Anadolu'nun ilk camisi olan Habib-i Neccar Cami dinler arası hoşgörünün merkezlerinden biri olarak yerli yabancı binlerce turisti ağırlıyor. Habib-i Neccar, Hz. İsa'nın havarilerine ilk inanan ve bu uğurda canını veren bir Antakyalı. Hz. İsa'nın havarilerinden Pavlus ve Yuhanna'nın mezarları da burada. Hoşgörünün kalesi olarak adlandırılan bu cami ve Habib-i Neccar'ın hikâyesi ise şöyle: Camiye ve Antakya'nın sırtını verdiği dağa adını veren Habib-i Neccar, M.S. 40'lı yıllarda Antakya'da yaşamıştır. Eser Anadolu'da yapılan ilk cami olarak bilinir. Bir Roma tapınağının yıkıntıları üzerine inşa edilmiş kiliseden camiye dönüştürülmüş olan bu kutsal yapı, ortaçağ mimari özelliklerini taşır. Günümüzdeki cami Osmanlı dönemi eseridir. Etrafı geleneksel yapım tarzıyla yapılmış olup, avlunun bir kısmı medrese odaları ile çevrilidir"
İLK HIRİSTİYAN MEZARLARI
Minaresi 17. yüzyılda yapılmış olan caminin avlusunda 19. yüzyıl eseri bir şadırvan bulunmaktadır. Caminin kuzeydoğu köşesinde Hz. İsa'nın havarilerinden Yunus (Pavlus) ve Yahya (Yuhanna) ile onlara ilk inanan Habib-i Neccar'ın türbesi (4 metre derinde) yer alır. İçinde ilk Hıristiyanlara ait mezarları barındırmasıyla Habib-i Neccar Camii bugün adeta dinler arası hoşgörünün ve dayanışmanın bir simgesidir. Antakya'da ilk cami 638 yılında Müslümanların fethinden sonra yapılmıştır. Bazı kaynaklara göre Habib-i Neccar türbesini ve camisini Ebu Ubeyde bin Cerrah yaptırmıştır. Müslümanlarca da bir evliya olarak bilinen Habib-i Neccar'ın öldüğü yere yaptırılan bu cami, Antakya'nın el değiştirmesine bağlı olarak defalarca yıkılmış ve sonradan tekrar yapılmıştır..."

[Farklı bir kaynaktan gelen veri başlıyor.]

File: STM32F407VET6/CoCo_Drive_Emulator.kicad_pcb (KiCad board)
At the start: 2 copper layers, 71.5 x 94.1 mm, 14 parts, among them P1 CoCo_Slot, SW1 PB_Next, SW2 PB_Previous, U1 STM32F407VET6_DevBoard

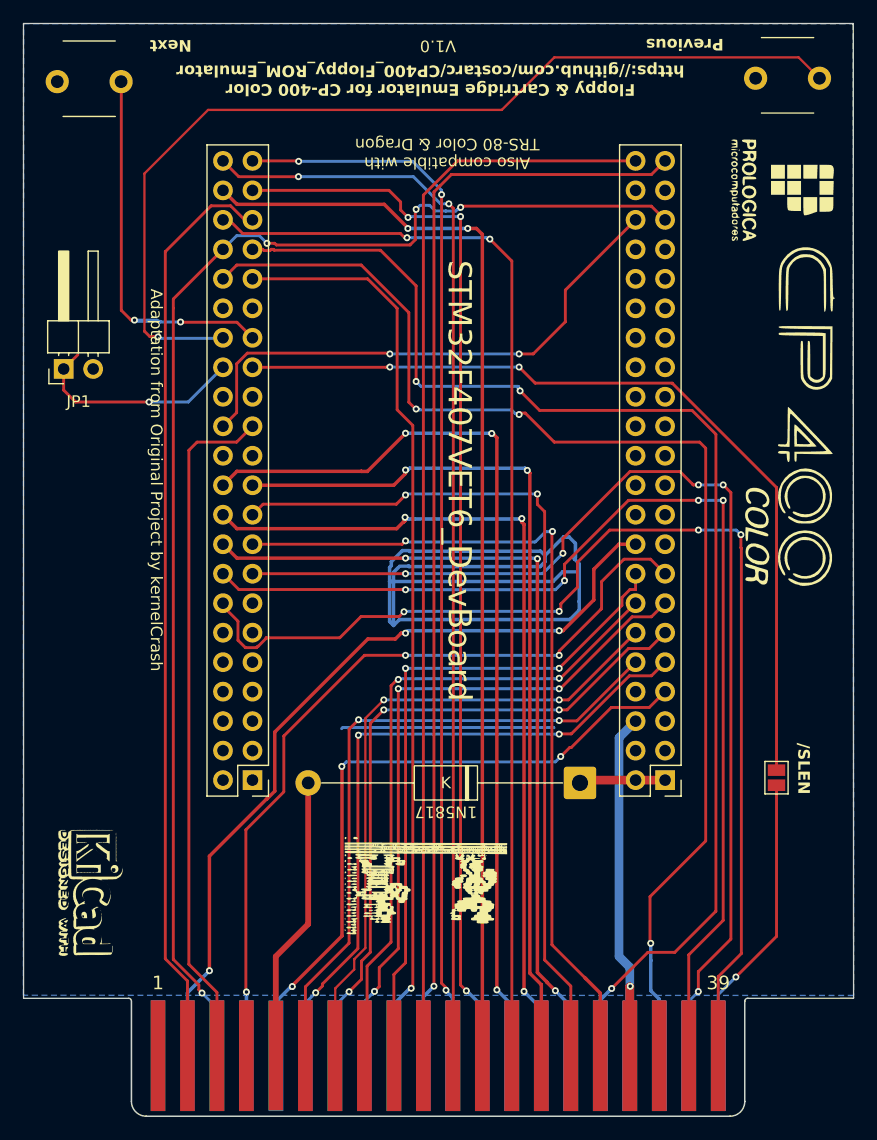
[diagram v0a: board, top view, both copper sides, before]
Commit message: Added header for display
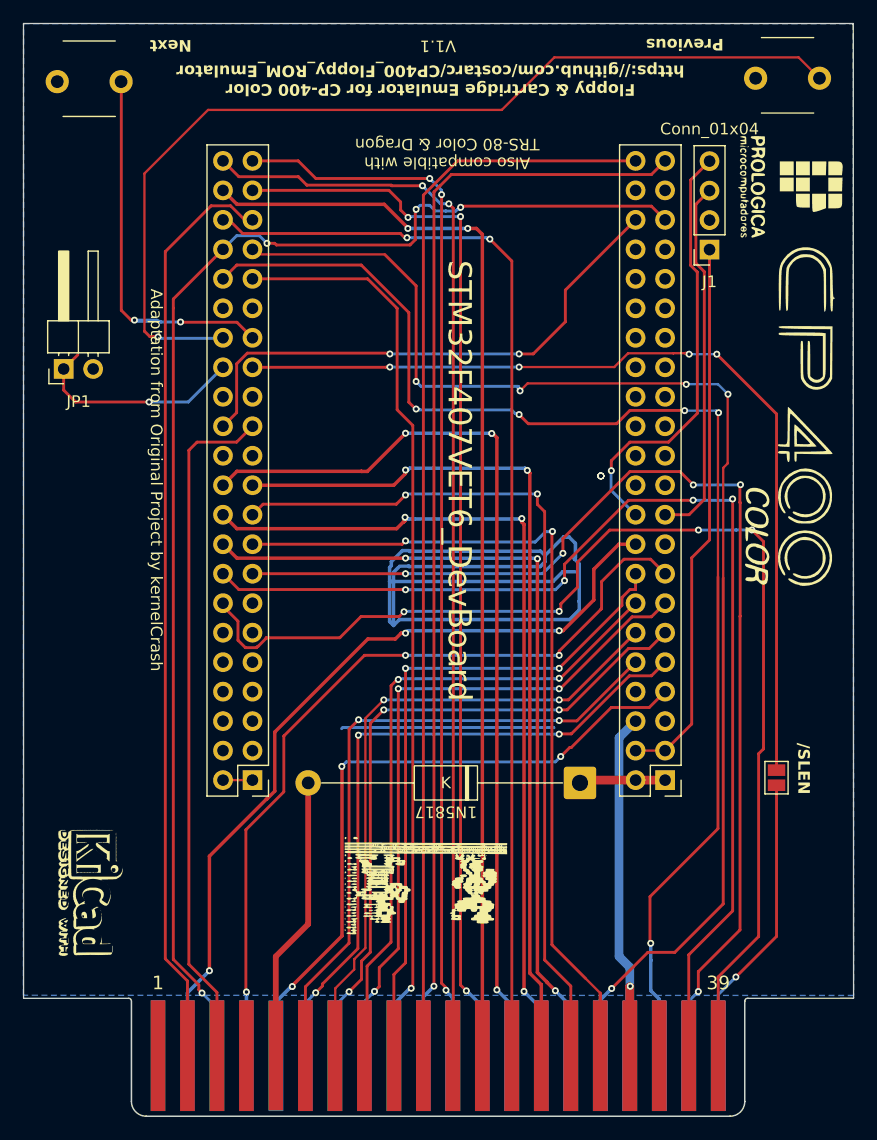
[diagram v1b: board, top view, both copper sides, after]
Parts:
- added J1: Conn_01x04, Connector_PinSocket_2.54mm:PinSocket_1x04_P2.54mm_Vertical, F.Cu at (111.0, 56.7)
- moved G*** 0.81 mm to (118.0, 51.3)
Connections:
- U1 pad 3V3: unconnected-(U1-Pad3V3)_3 -> +3.3V
- U1 pad PA8: unconnected-(U1-PadPA8) -> I2C3_SCL
- U1 pad PC9: unconnected-(U1-PadPC9) -> I2C3_SDA
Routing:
- net +3.3V: track 0.00 -> 49.8 mm
- net I2C3_SDA: track 0.00 -> 37.2 mm, vias 0 -> 1
- net I2C3_SCL: track 0.00 -> 31.3 mm
- net Net-(JP2-A): track 73.8 -> 78.5 mm, vias 2 -> 4
- net /SCS: track 107.9 -> 112.3 mm, vias 3 -> 5
- net /CTS: track 110.6 -> 114.6 mm, vias 3 -> 5
- net PE15: track 99.0 -> 101.4 mm
- net PE14: track 96.5 -> 98.1 mm
- net PE13: track 96.7 -> 98.1 mm
- net GND: vias 1 -> 5
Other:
- board text added: "V1.1"
- board text removed: "V1.0"

ALEVİ MAHALLESİNDE SÜNNİ İMAM
Ahmet Gürbüz, Antakya Merkez Armutlu Camisi'nin imamı. Alevi mahallesinde 28 yıldır imamlık yapan Gürbüz, Medeniyetler Korosu'nun vazgeçilmezlerinden. Gürbüz, "Her vaazımda kardeşlikten bahsediyorum. Hoşgörü ortamımızı, özümüzü koruduğumuz müddetçe kimse bozamaz. Biz papaz arkadaşımla beraber onların ve bizim ilahilerimizi birlikte söylüyoruz. Bu koro, Antakya'daki güzellikleri ortaya çıkarıyor. Geçen gün bir baba geldi, kızı evlenmek için kaçmış. Kaçtığı genç Alevi. 'Ahmet Hoca nasıl evlendireyim?' diye sordu. Adam cahil. Babaya izah ettim. Evlendiler, nikâhı da ben kıydım. Yunus Emre'nin dediği gibi: Sevelim sevilelim, bu dünya kimseye kalmaz.
KORONUN EV HANIMI
Koronun ilk üyelerinden ev hanımı Betsi Büyükgazel (Ortodoks): "Farklı inanç gruplarına ait insanları koroda yakından tanıma fırsatı buldum. İnsanların aslında birbirinden hiçbir farkı olmadığını bir kez daha anladım. Hepimiz tek olan Allah'a farklı yollardan ulaşma çabasında olan insanlarız. Uzlaşı ,diyalog, sevgi ve barış bizi farklı kılan şeyler."